Dataset items:
_ _ _ _
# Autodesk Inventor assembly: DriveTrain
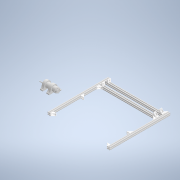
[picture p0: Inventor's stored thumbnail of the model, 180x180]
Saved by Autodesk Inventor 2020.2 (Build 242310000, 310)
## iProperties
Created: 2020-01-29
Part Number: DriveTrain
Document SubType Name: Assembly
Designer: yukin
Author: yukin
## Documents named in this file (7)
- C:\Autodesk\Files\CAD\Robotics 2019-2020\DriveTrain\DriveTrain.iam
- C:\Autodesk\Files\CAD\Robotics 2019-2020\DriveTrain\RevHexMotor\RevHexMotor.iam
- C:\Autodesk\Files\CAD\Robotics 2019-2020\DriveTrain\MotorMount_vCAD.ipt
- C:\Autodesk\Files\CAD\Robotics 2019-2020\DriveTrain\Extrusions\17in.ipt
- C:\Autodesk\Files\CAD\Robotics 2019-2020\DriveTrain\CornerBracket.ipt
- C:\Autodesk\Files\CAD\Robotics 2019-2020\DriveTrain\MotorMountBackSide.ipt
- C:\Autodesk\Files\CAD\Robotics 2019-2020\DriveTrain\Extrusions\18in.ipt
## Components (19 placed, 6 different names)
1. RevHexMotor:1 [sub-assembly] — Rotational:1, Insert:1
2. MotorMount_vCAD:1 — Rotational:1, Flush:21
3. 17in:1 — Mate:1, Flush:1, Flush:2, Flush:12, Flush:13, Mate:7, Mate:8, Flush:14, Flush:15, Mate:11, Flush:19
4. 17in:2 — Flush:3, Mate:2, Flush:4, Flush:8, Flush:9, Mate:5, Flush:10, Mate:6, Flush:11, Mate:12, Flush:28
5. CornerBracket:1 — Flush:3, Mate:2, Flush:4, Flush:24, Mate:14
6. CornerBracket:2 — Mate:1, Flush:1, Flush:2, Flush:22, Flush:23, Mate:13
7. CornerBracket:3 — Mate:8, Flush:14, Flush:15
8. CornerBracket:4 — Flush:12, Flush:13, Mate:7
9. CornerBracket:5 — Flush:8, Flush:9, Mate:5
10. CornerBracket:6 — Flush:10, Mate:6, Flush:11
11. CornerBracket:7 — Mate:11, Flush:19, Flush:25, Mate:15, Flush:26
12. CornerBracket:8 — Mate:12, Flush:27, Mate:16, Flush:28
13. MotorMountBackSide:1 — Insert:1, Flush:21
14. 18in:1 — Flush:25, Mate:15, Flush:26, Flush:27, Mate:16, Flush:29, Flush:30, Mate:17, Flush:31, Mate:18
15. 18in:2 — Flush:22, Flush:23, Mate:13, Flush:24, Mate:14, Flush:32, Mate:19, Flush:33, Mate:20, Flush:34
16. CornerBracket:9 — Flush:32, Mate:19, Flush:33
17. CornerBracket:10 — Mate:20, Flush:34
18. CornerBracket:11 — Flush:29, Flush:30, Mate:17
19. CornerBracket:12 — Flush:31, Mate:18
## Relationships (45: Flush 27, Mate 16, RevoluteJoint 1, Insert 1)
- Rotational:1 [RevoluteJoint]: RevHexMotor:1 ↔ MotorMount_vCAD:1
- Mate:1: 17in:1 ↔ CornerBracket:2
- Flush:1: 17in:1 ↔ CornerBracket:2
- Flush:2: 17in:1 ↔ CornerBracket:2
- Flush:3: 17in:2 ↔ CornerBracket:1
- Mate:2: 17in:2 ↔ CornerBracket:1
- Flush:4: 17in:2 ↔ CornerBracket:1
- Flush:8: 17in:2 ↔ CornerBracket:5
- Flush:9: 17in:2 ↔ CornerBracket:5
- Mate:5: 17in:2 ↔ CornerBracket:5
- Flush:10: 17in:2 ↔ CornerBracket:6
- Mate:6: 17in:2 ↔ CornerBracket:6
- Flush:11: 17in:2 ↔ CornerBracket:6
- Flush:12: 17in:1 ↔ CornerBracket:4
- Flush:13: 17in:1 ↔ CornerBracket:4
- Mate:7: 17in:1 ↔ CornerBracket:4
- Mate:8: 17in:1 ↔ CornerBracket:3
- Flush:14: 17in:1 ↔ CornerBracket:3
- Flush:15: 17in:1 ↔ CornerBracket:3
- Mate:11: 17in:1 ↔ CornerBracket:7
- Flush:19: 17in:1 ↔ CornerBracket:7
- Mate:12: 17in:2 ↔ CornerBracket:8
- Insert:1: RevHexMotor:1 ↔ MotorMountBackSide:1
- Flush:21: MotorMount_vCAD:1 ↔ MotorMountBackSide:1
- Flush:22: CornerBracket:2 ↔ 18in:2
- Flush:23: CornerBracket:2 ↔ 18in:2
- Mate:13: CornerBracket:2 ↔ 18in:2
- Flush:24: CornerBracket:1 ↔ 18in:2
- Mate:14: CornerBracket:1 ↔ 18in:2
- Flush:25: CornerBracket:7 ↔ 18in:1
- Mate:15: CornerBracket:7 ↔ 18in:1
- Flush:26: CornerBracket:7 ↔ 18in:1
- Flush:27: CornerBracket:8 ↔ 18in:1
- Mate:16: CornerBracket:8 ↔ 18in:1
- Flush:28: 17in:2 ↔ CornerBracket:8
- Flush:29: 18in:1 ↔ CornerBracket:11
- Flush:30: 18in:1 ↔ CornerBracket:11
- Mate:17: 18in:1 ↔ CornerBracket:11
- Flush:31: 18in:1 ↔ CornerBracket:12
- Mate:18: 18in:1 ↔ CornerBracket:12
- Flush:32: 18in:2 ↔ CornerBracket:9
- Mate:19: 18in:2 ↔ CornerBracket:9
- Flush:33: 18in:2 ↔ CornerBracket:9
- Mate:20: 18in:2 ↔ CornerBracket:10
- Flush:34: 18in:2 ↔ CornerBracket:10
_ _ _ _
## TASK ITEM
Scan the data above for the string "Extrusions". Copy every line in which it appears.

## OUTPUT
- C:\Autodesk\Files\CAD\Robotics 2019-2020\DriveTrain\Extrusions\17in.ipt
- C:\Autodesk\Files\CAD\Robotics 2019-2020\DriveTrain\Extrusions\18in.ipt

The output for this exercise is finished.